Back in December I received a wonderful (if devastating) review of my manuscript, Dragon Scales, by traditionally published author Kim Long, who is on her way to becoming a full-fledged book coach.
While I thought I'd nailed this latest version of the story, she picked it apart. Among her most valuable critique was that she gave me permission to "write emotions." And I quote:
"…Gracie’s internal arc did not make it on the page due in part to your hesitancy to break the “show don’t tell” rule. From this point forward, you have my permission to ignore that rule when it comes to Gracie’s internal struggle, desires, and thoughts! We, as the Reader, want Gracie to tell us what she is thinking and why she is making the decisions she is. This is not bad telling. This is good telling, this is the telling your story needs in order for your Reader to connect with Gracie. Let us into Gracie’s world where we can see and feel what matters so we can see her struggle..."
I had to step away from the MS for a bit to analyze how I'd gotten to this point. To a large extent, Kim Long's assessment was spot-on. There is good telling, mostly that which revolves around emotions.

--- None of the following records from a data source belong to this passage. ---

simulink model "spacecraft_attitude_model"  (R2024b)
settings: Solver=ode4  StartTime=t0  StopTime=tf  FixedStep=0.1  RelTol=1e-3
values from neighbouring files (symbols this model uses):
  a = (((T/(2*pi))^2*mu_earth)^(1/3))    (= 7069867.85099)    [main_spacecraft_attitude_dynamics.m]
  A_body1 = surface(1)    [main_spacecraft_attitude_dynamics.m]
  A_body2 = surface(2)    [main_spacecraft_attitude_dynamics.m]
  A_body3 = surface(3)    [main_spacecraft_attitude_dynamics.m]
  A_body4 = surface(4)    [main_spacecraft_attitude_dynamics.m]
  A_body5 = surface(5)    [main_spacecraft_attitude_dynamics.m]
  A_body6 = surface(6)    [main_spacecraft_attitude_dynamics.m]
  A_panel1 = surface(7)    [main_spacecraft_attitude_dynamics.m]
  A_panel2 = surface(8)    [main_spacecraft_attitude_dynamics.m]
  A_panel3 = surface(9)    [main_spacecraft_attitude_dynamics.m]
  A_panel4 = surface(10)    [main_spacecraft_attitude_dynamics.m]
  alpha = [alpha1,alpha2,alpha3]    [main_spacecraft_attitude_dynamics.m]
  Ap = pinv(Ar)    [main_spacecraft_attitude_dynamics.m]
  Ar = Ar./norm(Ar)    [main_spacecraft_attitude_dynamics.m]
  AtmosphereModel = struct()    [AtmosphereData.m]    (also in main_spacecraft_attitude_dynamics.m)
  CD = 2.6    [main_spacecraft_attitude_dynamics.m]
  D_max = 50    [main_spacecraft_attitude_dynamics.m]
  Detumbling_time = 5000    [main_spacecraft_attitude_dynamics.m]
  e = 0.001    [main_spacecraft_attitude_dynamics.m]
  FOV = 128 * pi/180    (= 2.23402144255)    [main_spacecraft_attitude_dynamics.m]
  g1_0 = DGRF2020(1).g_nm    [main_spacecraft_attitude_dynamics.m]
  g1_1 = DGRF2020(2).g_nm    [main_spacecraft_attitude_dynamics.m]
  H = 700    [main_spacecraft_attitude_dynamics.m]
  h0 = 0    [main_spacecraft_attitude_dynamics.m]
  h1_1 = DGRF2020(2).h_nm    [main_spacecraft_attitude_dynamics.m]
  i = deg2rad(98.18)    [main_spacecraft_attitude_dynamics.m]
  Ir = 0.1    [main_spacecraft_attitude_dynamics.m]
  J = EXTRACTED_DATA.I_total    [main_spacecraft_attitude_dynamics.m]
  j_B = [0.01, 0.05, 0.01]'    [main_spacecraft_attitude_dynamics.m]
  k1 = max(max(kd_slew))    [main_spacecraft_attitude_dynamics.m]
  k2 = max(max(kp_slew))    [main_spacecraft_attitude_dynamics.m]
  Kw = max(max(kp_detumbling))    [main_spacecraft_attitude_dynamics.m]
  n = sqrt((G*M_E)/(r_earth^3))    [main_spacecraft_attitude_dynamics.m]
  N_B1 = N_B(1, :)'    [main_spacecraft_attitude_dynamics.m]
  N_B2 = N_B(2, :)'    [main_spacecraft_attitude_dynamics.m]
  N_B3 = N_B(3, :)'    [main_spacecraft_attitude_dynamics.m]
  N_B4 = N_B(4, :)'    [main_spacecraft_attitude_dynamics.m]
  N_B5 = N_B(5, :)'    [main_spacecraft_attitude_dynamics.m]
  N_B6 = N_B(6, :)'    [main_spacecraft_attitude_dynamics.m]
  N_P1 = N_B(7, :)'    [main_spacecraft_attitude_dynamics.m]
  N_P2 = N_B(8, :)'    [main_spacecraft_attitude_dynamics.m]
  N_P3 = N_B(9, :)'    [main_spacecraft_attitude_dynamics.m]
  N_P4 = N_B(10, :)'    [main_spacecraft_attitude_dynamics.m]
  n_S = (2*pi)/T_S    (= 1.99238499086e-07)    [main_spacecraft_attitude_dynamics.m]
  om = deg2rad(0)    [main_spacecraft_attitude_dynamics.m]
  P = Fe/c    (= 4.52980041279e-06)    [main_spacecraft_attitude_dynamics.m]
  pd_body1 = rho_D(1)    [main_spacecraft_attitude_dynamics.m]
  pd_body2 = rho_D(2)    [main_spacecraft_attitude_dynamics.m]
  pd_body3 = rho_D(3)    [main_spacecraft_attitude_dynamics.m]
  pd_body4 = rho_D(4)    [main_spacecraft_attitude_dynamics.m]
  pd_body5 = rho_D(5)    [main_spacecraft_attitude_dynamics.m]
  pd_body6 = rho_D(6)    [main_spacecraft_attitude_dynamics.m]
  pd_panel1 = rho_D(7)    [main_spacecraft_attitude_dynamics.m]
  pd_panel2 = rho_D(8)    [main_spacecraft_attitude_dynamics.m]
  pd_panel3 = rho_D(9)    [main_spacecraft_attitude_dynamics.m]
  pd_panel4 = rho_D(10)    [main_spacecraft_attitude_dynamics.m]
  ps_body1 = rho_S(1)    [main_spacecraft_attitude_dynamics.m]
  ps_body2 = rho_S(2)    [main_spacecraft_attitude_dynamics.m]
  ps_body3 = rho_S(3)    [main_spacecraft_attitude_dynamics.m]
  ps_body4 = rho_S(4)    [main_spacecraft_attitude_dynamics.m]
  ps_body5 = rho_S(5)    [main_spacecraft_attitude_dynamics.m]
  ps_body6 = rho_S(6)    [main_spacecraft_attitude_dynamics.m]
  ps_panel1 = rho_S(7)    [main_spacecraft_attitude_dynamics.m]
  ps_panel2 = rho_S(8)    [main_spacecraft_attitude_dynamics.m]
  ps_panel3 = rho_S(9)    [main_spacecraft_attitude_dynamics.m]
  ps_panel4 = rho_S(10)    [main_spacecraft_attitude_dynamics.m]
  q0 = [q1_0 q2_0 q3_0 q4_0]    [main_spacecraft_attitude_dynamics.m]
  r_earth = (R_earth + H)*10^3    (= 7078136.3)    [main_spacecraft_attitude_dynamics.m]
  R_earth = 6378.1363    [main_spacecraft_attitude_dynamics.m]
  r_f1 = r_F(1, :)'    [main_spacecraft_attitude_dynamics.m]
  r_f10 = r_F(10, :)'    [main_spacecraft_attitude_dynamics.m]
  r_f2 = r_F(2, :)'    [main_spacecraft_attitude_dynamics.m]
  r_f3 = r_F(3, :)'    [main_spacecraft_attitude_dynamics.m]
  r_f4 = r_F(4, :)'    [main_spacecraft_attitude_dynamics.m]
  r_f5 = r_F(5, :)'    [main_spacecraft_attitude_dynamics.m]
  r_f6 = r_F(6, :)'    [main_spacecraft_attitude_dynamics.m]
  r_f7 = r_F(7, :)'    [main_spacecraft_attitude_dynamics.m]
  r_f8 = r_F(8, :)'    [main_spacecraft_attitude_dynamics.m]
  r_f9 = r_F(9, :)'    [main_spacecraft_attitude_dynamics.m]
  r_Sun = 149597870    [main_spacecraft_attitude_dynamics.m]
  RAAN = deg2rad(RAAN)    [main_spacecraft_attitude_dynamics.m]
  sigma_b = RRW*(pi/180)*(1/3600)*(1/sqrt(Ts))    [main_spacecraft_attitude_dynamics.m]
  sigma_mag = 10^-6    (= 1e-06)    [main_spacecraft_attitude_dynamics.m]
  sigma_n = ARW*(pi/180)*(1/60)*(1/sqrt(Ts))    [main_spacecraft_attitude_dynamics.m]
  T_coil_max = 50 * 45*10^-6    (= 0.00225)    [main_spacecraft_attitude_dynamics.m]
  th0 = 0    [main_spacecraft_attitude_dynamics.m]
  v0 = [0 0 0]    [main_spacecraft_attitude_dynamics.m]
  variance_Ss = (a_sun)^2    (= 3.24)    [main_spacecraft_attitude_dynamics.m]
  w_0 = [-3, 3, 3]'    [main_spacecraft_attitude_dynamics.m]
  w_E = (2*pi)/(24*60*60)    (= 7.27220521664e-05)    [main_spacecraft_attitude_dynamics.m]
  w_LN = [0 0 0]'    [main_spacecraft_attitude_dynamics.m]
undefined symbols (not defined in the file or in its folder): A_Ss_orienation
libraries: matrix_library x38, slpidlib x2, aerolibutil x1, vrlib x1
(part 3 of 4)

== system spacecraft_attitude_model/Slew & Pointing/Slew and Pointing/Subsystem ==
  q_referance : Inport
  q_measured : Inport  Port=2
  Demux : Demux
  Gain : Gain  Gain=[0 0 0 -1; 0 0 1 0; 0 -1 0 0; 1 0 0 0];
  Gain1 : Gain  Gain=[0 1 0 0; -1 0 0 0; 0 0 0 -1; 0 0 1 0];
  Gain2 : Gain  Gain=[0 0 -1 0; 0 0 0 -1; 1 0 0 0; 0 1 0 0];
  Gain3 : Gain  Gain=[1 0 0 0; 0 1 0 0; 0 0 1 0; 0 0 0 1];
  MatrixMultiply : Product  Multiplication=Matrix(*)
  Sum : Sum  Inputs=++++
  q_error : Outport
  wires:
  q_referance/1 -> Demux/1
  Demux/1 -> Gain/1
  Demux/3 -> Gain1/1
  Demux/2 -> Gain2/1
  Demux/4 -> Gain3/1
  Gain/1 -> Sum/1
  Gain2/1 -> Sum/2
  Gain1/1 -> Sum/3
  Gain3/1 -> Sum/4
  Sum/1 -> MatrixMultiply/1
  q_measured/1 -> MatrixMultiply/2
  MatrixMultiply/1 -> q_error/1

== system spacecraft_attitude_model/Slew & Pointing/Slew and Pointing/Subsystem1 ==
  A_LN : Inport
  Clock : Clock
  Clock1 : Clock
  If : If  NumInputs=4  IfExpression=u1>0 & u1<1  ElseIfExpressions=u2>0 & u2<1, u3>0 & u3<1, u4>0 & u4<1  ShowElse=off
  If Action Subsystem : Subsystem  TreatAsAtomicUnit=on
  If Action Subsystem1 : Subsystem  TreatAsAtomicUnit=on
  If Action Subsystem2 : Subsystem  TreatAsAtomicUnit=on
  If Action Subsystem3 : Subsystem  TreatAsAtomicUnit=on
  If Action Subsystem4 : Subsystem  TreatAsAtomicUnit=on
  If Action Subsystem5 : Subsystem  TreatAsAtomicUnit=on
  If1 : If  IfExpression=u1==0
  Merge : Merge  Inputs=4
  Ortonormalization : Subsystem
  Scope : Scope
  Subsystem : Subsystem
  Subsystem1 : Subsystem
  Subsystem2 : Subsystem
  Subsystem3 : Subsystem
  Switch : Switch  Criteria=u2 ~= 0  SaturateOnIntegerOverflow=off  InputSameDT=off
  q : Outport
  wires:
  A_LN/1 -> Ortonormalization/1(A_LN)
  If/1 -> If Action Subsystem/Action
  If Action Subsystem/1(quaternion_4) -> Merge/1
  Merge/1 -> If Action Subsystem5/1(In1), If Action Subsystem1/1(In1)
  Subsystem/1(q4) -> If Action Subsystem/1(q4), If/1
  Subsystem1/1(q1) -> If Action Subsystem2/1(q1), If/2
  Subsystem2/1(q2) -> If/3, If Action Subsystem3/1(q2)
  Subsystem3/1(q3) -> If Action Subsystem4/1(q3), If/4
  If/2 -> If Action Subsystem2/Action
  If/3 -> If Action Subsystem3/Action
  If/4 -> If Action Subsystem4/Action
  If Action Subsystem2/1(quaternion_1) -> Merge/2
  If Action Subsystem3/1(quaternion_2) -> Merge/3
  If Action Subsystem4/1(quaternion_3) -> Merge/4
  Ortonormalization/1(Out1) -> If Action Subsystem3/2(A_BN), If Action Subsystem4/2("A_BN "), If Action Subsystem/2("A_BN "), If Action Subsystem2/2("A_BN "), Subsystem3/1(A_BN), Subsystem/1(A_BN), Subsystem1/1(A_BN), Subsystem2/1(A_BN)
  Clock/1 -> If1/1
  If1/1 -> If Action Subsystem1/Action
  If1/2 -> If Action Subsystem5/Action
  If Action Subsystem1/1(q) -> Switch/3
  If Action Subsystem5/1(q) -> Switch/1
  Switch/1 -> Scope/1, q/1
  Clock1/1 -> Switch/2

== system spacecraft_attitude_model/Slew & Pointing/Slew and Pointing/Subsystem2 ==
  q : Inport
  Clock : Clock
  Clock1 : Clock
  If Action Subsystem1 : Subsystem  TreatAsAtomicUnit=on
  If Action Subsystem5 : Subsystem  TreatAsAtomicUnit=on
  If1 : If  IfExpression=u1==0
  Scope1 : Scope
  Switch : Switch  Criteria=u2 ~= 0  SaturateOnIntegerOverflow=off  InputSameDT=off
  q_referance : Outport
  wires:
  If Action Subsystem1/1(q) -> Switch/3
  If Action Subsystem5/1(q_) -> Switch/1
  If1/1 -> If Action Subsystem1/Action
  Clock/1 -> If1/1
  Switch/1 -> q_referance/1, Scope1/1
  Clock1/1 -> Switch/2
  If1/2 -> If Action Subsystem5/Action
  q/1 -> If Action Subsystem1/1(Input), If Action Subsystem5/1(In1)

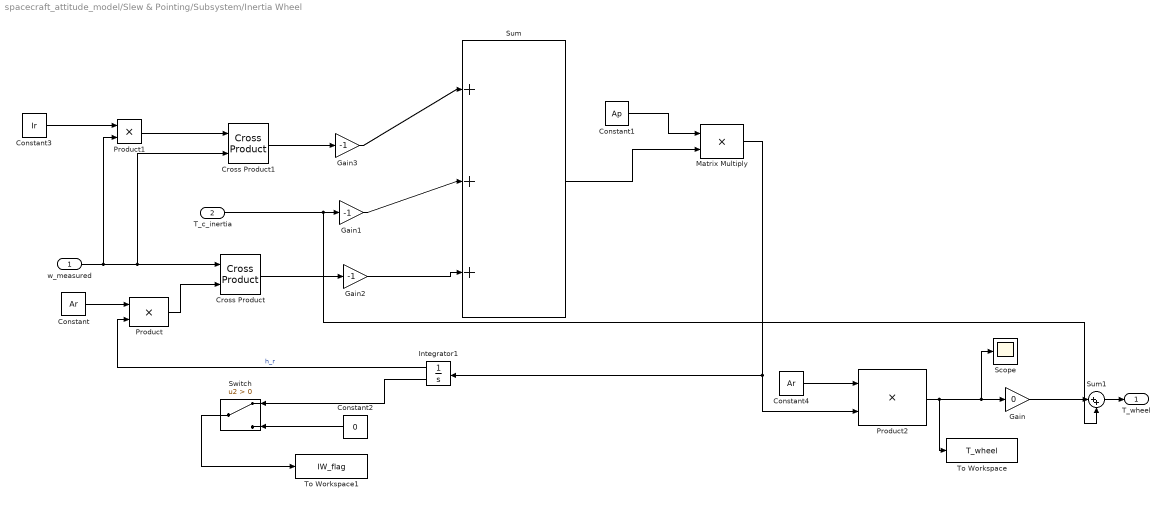
== system spacecraft_attitude_model/Slew & Pointing/Subsystem/Inertia Wheel ==
  w_measured : Inport
  T_c_inertia : Inport  Port=2
  Constant : Constant  Value=Ar
  Constant1 : Constant  Value=Ap
  Constant2 : Constant  Value=0
  Constant3 : Constant  Value=Ir
  Constant4 : Constant  Value=Ar
  Cross Product : matrix_library/Cross Product
  Cross Product1 : matrix_library/Cross Product
  Gain : Gain  Gain=0
  Gain1 : Gain  Gain=-1
  Gain2 : Gain  Gain=-1
  Gain3 : Gain  Gain=-1
  Integrator1 : Integrator  InitialCondition=h0  LimitOutput=on  UpperSaturationLimit=0.005  LowerSaturationLimit=-0.005  ShowSaturationPort=on
  Matrix Multiply : Product
  Product : Product
  Product1 : Product
  Product2 : Product
  Scope : Scope
  Sum : Sum  Inputs=|+++
  Sum1 : Sum  Inputs=|++
  Switch : Switch  Criteria=u2 > Threshold  SaturateOnIntegerOverflow=off  InputSameDT=off
  To Workspace : ToWorkspace  VariableName=T_wheel  SampleTime=-1
  To Workspace1 : ToWorkspace  VariableName=IW_flag  SampleTime=-1
  T_wheel : Outport
  wires:
  Product/1 -> Cross Product/2
  Cross Product/1 -> Gain2/1
  w_measured/1 -> Product1/2, Cross Product1/2, Cross Product/1
  Gain2/1 -> Sum/3
  Constant1/1 -> Matrix Multiply/1
  Gain3/1 -> Sum/1
  Matrix Multiply/1 -> Product2/2, Integrator1/1
  Constant3/1 -> Product1/1
  Integrator1/1 -> Product/2  "h_r"
  Integrator1/2 -> Switch/1
  Constant2/1 -> Switch/3
  Constant/1 -> Product/1
  Product2/1 -> To Workspace/1, Scope/1, Gain/1
  Gain1/1 -> Sum/2
  Switch/1 -> To Workspace1/1
  Product1/1 -> Cross Product1/1
  Cross Product1/1 -> Gain3/1
  Constant4/1 -> Product2/1
  T_c_inertia/1 -> Sum1/2, Gain1/1
  Sum/1 -> Matrix Multiply/2
  Gain/1 -> Sum1/1
  Sum1/1 -> T_wheel/1

== system spacecraft_attitude_model/Slew & Pointing/Subsystem/Magnetic coils ==
  T_Control : Inport
  b_measured : Inport  Port=2
  Demux : Demux  Outputs=3
  Demux1 : Demux  Outputs=3
  Gain : Gain
  Gain1 : Gain
  Gain2 : Gain
  Norm1 : Subsystem
      settings: PortSchema="{\"entries\":[{\"content\":{\"sides\":[{\"content\":{},\"type\":\"ConnectorPlacement.EquallySpacedRectSide\",\"uuid\":\"c8e6b557-1f56-4290-9ece-bfc368650609\"},{\"content\":{\"connectorIds\":[\"Out1\"],\"side\":\"RIGHT\"},\"type\":\"ConnectorPlacement.EquallySpacedRectSide\",\"uuid\":\"77fa52b5-00ea-4466-8814-b89029d0f61f\"},{\"content\":{\"connectorIds\":[\"In1\"],\"side\":\"TOP\"},\"type\":\"ConnectorPlacement.EquallySpacedRectSide\",\"uuid\":\"5a1e965d-5eef-4834-963c-decfdd4da2be\"},{\"content\":{\"side\":\"BOTTOM\"},\"type\":\"ConnectorPlacement.EquallySpacedRectSide\",\"uuid\":\"d0b05173-3d81-4b7c-baba-8d47e4810e0f\"}]},\"type\":\"ConnectorPlacement.EquallySpacedConnector\",\"uuid\":\"bc13670f-664f-40fc-b4f3-9fab538d09d1\"}],\"packageUris\":[\"http://schema.mathworks.com/mf0/Connector/R2020b\"],\"version\":\"1.0\"}"
  Scope2 : Scope
  Square1 : Math  Operator=square
  Subsystem : Subsystem
  Subsystem1 : Subsystem
  Subsystem2 : Subsystem
  Vector Concatenate : Concatenate  NumInputs=3
  T_coils : Outport
  wires:
  Square1/1 -> Subsystem/3(b_norm^2), Subsystem1/3(b_norm^2), Subsystem2/3(b_norm^2)
  Demux1/2 -> Subsystem1/2(b_y)
  Demux/1 -> Gain/1
  Demux1/1 -> Subsystem/2(b_x)
  Gain1/1 -> Subsystem1/1(T_y)
  Gain/1 -> Subsystem/1(T_x)
  Gain2/1 -> Subsystem2/1(T_z)
  Demux1/3 -> Subsystem2/2(b_z)
  Demux/3 -> Gain2/1
  b_measured/1 -> Norm1/1(b), Demux1/1
  Norm1/1(b_norm) -> Square1/1  "b_norm"
  Demux/2 -> Gain1/1
  Vector Concatenate/1 -> T_coils/1, Scope2/1
  T_Control/1 -> Demux/1
  Subsystem2/1(T_coil_z) -> Vector Concatenate/3
  Subsystem1/1(T_coil_y) -> Vector Concatenate/2
  Subsystem/1(T_coil_x) -> Vector Concatenate/1

== system spacecraft_attitude_model/Sun Sensor /Alpha Beta1/Subsystem ==
  In1 : Inport
  Atan1 : Trigonometry  Operator=atan2
  Atan2 : Trigonometry  Operator=atan2
  Demux : Demux  Outputs=3
  Out1 : Outport
  Out2 : Outport  Port=2
  wires:
  Demux/3 -> Atan2/2, Atan1/2  "Sz"
  Atan1/1 -> Out2/1
  Demux/1 -> Atan2/1  "Sx"
  In1/1 -> Demux/1
  Demux/2 -> Atan1/1  "Sy"
  Atan2/1 -> Out1/1

== system spacecraft_attitude_model/Sun Sensor /Alpha Beta1/Subsystem1 ==
  In1 : Inport
  Atan1 : Trigonometry  Operator=atan2
  Atan2 : Trigonometry  Operator=atan2
  Demux : Demux  Outputs=3
  Out1 : Outport
  Out2 : Outport  Port=2
  wires:
  Demux/3 -> Atan2/2, Atan1/2  "Sz"
  Atan1/1 -> Out2/1
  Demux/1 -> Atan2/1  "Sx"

But, after an early critique by a beta reader who thought my MC Gracie was melodramatic, I had spent a lot of time eradicating it in the MS, watching Ellen Brock's YouTube episodes (she has one about melodrama, which actually is quite good) and using The Emotion Thesaurus for alternatives, even when my gut told me to leave those emotions in.
There were other issues with the MS as well, ones my beta readers had pointed out to me and I won't go into here, but this was a huge AH-HA! moment.
Once I had that moment, however, I didn't want to just jump back into the MS and start adding emotions, willy-nilly. Even I know that's a bit too "on the nose." I knew I had no idea what the heck I was doing, because I kinda felt like that's what I'd done in the last five versions -- knee-jerk reacted without doing the hard craft work first.But where to see how it's done?
Mentor Texts
I have tons of mentor texts all around me -- or, rather, my public library does. I had noted, while reading the 200 or so MG books I devour each year, that many, many MG authors just come right out and have characters make statements like: "I didn't feel like I could talk to my mom about this because she'd get mad at me for asking."
It's the exact sort of emotional writing technique that the show-don't-tell followers staunchly advise against.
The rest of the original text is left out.